A: I will say two things. Basically, our business is about our products. If you can create a product that consumers love, then it is a success. We have a very good design team for Samsonite Red in South Korea.

     The second reason is marketing. We were lucky, in a way: Korean soap operas and fashion have become very popular in Asia. Samsonite Red, Korean-designed bags, started to become very popular in many other Asian countries.

Q: Is China's anti-corruption campaign affecting your business?

A: Our business in China is in very good shape.

     In the second half of last year and beginning of this year, with the new party leaders, there was a little bit of uncertainty in the luxury market -- 20-25% growth came down to almost flat. People are becoming more hesitant to buy new products because they are not sure what it all means. But I must say our product is not luxurious. It is not like a watch or jewelry. I don't think people who buy Samsonite do so as a gift -- people buy luggage to use it.
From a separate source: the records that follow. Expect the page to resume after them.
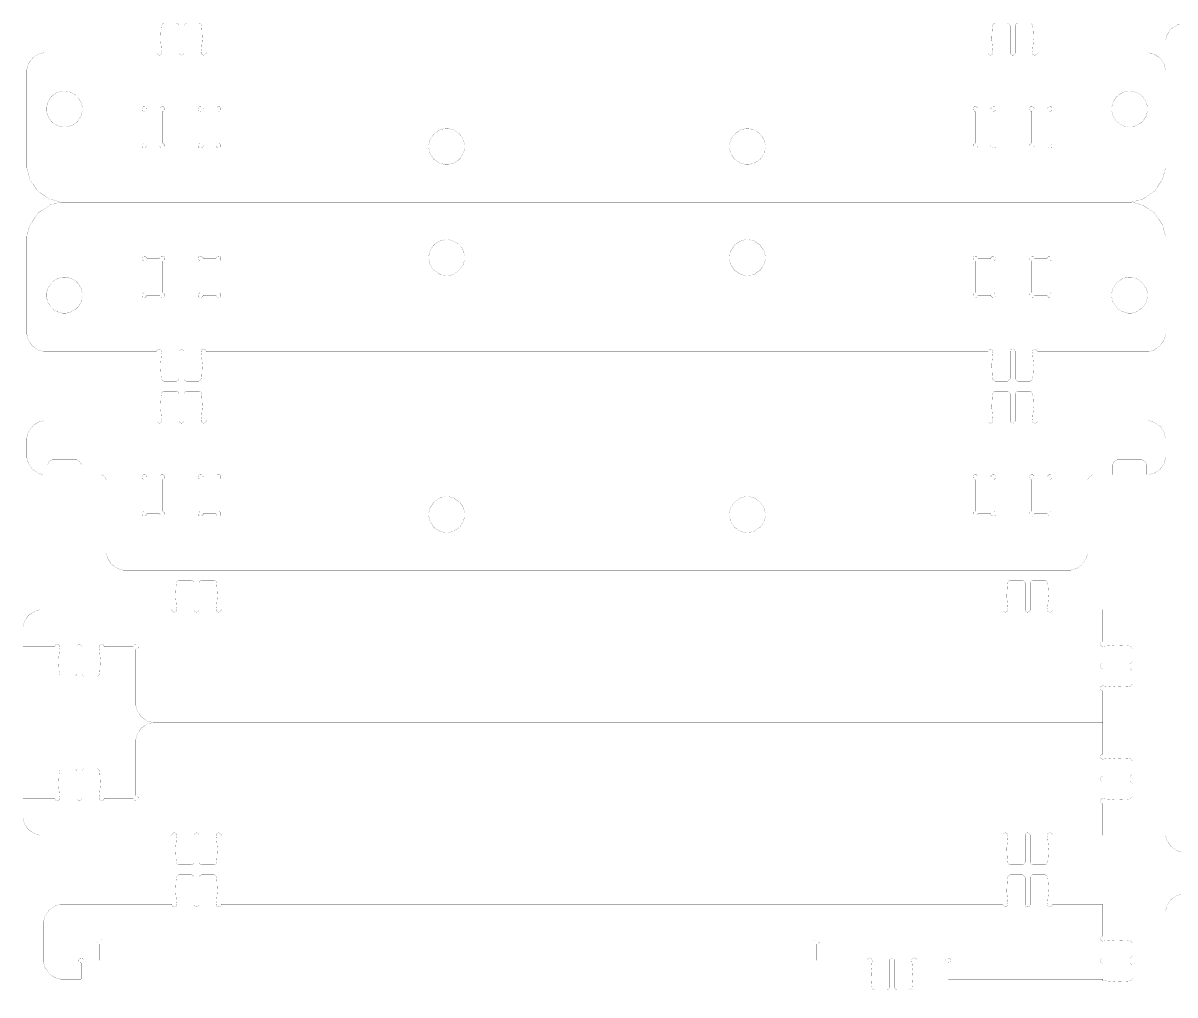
# Model space of a CAD drawing. Extents: x 0.1 to 11.8, y 0.1 to 11.9.
# Drawn here: x 0.06 to 7.73, y 5.47 to 11.93 of the extents above; entities that cross this region are included whole.
import ezdxf

# ---------------------------------------------------------------- set-up
doc = ezdxf.new("R2010")
doc.units = 0
doc.layers.get('0').update_dxf_attribs({"linetype": 'CONTINUOUS'})

msp = doc.modelspace()

# ---------------------------------------------------------------- linework, layer by layer
at = {"color": 1, "const_width": 0.00084}
for points in [[(0.984972, 11.9173), (0.982964, 11.9023), (0.979656, 11.8273), (0.985081, 11.7524), (0.987468, 11.7375)], [(1.0045, 11.9343), (1.00125, 11.9343), (0.991482, 11.9295), (0.985297, 11.9197), (0.984972, 11.9173)], [(1.08198, 11.9343), (1.0045, 11.9343)], [(1.10167, 11.9147), (1.10167, 11.9182), (1.09587, 11.9286), (1.08545, 11.9343), (1.08198, 11.9343)], [(1.10167, 11.7375), (1.10167, 11.9147)], [(1.15478, 11.9343), (1.15131, 11.9343), (1.1409, 11.9286), (1.13515, 11.9182), (1.13515, 11.9147)], [(1.13515, 11.7375), (1.13515, 11.9147)], [(1.15478, 11.9343), (1.23231, 11.9343)], [(1.25179, 11.9173), (1.25147, 11.9197), (1.24523, 11.9295), (1.23551, 11.9343), (1.23231, 11.9343)], [(1.24929, 11.7375), (1.25168, 11.7524), (1.25705, 11.8273), (1.25374, 11.9023), (1.25179, 11.9173)], [(6.51465, 11.9173), (6.51264, 11.9023), (6.50933, 11.8273), (6.51476, 11.7524), (6.51714, 11.7375)], [(6.53418, 11.9343), (6.53093, 11.9343), (6.52115, 11.9295), (6.51497, 11.9197), (6.51465, 11.9173)], [(6.61165, 11.9343), (6.53418, 11.9343)], [(6.63135, 11.9147), (6.63135, 11.9182), (6.62554, 11.9286), (6.61513, 11.9343), (6.61165, 11.9343)], [(6.63135, 11.7375), (6.63135, 11.9147)], [(6.68451, 11.9343), (6.68099, 11.9343), (6.67057, 11.9286), (6.66482, 11.9182), (6.66482, 11.9147)], [(6.66482, 11.7375), (6.66482, 11.9147)], [(6.68451, 11.9343), (6.76199, 11.9343)], [(6.78147, 11.9173), (6.78114, 11.9197), (6.77496, 11.9295), (6.76519, 11.9343), (6.76199, 11.9343)], [(6.77897, 11.7375), (6.78136, 11.7524), (6.78678, 11.8273), (6.78342, 11.9023), (6.78147, 11.9173)], [(7.79064, 11.932), (7.77843, 11.932), (7.74192, 11.9222), (7.70221, 11.8953), (7.6754, 11.8556), (7.66564, 11.8192), (7.66564, 11.807)], [(7.66564, 11.807), (7.66564, 6.54318)], [(0.214899, 11.7375), (0.202692, 11.7375), (0.166233, 11.7277), (0.126519, 11.7009), (0.099718, 11.6612), (0.089898, 11.6247), (0.089898, 11.6125)], [(0.953993, 11.7375), (0.214899, 11.7375)], [(0.953993, 11.7375), (0.953993, 11.7344), (0.959201, 11.725), (0.970703, 11.7208), (0.982206, 11.725), (0.987468, 11.7344), (0.987468, 11.7375)], [(1.10167, 11.7375), (1.10167, 11.7344), (1.10688, 11.725), (1.11838, 11.7208), (1.12988, 11.725), (1.13515, 11.7344), (1.13515, 11.7375)], [(1.24929, 11.7375), (1.24929, 11.7344), (1.2545, 11.725), (1.266, 11.7208), (1.27751, 11.725), (1.28277, 11.7344), (1.28277, 11.7375)], [(6.48372, 11.7375), (1.28277, 11.7375)], [(6.48372, 11.7375), (6.48372, 11.7344), (6.48893, 11.725), (6.50043, 11.7208), (6.51188, 11.725), (6.51714, 11.7344), (6.51714, 11.7375)], [(6.63135, 11.7375), (6.63135, 11.7346), (6.63624, 11.7257), (6.64507, 11.7208), (6.64806, 11.7208), (6.65099, 11.7208), (6.65989, 11.7257), (6.66482, 11.7346), (6.66482, 11.7375)], [(6.77897, 11.7375), (6.77897, 11.7346), (6.78386, 11.7257), (6.79275, 11.7208), (6.79574, 11.7208), (6.79867, 11.7208), (6.80751, 11.7257), (6.81244, 11.7346), (6.81244, 11.7375)], [(7.54064, 11.7375), (6.81244, 11.7375)], [(7.66564, 11.6125), (7.66564, 11.6247), (7.65576, 11.6612), (7.62901, 11.7009), (7.58925, 11.7277), (7.55279, 11.7375), (7.54064, 11.7375)], [(0.089898, 10.9934), (0.089898, 11.6125)], [(0.888075, 11.3625), (0.888075, 11.3664), (0.877713, 11.378), (0.862088, 11.377), (0.859483, 11.3743), (0.856825, 11.3717), (0.855849, 11.3561), (0.867458, 11.3458), (0.871365, 11.3458)], [(0.871365, 11.1351), (0.871365, 11.3458)], [(0.888075, 11.3625), (0.973687, 11.3625)], [(0.990451, 11.3458), (0.994303, 11.3458), (1.00586, 11.3561), (1.00488, 11.3717), (1.00228, 11.3743), (0.999621, 11.377), (0.983996, 11.378), (0.973687, 11.3664), (0.973687, 11.3625)], [(0.990451, 11.1351), (0.990451, 11.3458)], [(1.26307, 11.3625), (1.26307, 11.3664), (1.25271, 11.378), (1.23709, 11.377), (1.23448, 11.3743), (1.23182, 11.3717), (1.23085, 11.3561), (1.24246, 11.3458), (1.24637, 11.3458)], [(1.24637, 11.1351), (1.24637, 11.3458)], [(1.26307, 11.3625), (1.34869, 11.3625)], [(1.36545, 11.3458), (1.3693, 11.3458), (1.38086, 11.3561), (1.37988, 11.3717), (1.37728, 11.3743), (1.37462, 11.377), (1.359, 11.378), (1.34869, 11.3664), (1.34869, 11.3625)], [(1.36545, 11.1351), (1.36545, 11.3458)], [(6.41775, 11.3625), (6.41775, 11.3664), (6.40739, 11.378), (6.39182, 11.377), (6.38921, 11.3743), (6.38656, 11.3717), (6.38553, 11.3561), (6.39714, 11.3458), (6.40104, 11.3458)], [(6.40104, 11.1351), (6.40104, 11.3458)], [(6.41775, 11.3625), (6.50336, 11.3625)], [(6.52013, 11.3458), (6.52399, 11.3458), (6.53554, 11.3561), (6.53456, 11.3717), (6.53196, 11.3743), (6.52929, 11.377), (6.51367, 11.378), (6.50336, 11.3664), (6.50336, 11.3625)], [(6.52013, 11.1351), (6.52013, 11.3458)], [(6.79275, 11.3625), (6.79275, 11.3664), (6.78239, 11.378), (6.76682, 11.377), (6.76421, 11.3743), (6.76156, 11.3717), (6.76053, 11.3561), (6.77214, 11.3458), (6.77604, 11.3458)], [(6.77604, 11.1351), (6.77604, 11.3458)], [(6.79275, 11.3625), (6.87836, 11.3625)], [(6.89513, 11.3458), (6.89899, 11.3458), (6.91054, 11.3561), (6.90956, 11.3717), (6.90696, 11.3743), (6.90429, 11.377), (6.88867, 11.378), (6.87836, 11.3664), (6.87836, 11.3625)], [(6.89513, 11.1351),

     Chinese are still traveling. Their incomes are increasing and they want to go and see the world. They want to explore new countries, new food. And there are more than 1.4 billion Chinese, so they can travel a lot.

     Channels are also changing. In the past, most Chinese went shopping in department stores, but now more and more are shopping on the Internet. Our e-commerce sales last quarter increased almost 15%, whereas department store sales are flat.

Q: The middle class is also growing in Southeast Asia.

A: The emerging countries in Southeast Asia have great prospects, primarily driven by Indonesia and the Philippines. They are the two biggest countries and the fastest-growing markets in the whole world. The Philippines is the No. 1 growth market for us. They all speak English, they travel abroad and their income level is increasing. Their governance has improved, and that makes people more confident to spend. That's helping our business a lot.

     Indonesia is doing very well. It would be one of our top three markets in terms of growth rate. Our business in the last three years has been growing 25% on average. Indonesia is a big country and has lots of young, educated people who want to travel. I will say there is no reason why Indonesia will not be one of the largest markets in Asia, after China, Japan and India.

     Unlike other companies, we are not centrally governed. Our business is very locally managed and locally strategized. So our business in Indonesia could be very different from our business in Japan, because the person making decisions in Indonesia is an Indonesian.

     Samsonite has no head office -- I am a CEO but I have no head office. I just have a room everywhere I go. Our business is not top-down. Our business in Japan is headed by Japanese and 100% of employees are Japanese. Our business in China is run by Chinese, 100% Chinese. We never move people from one country to another. So it is only myself -- I am an Indian and work everywhere.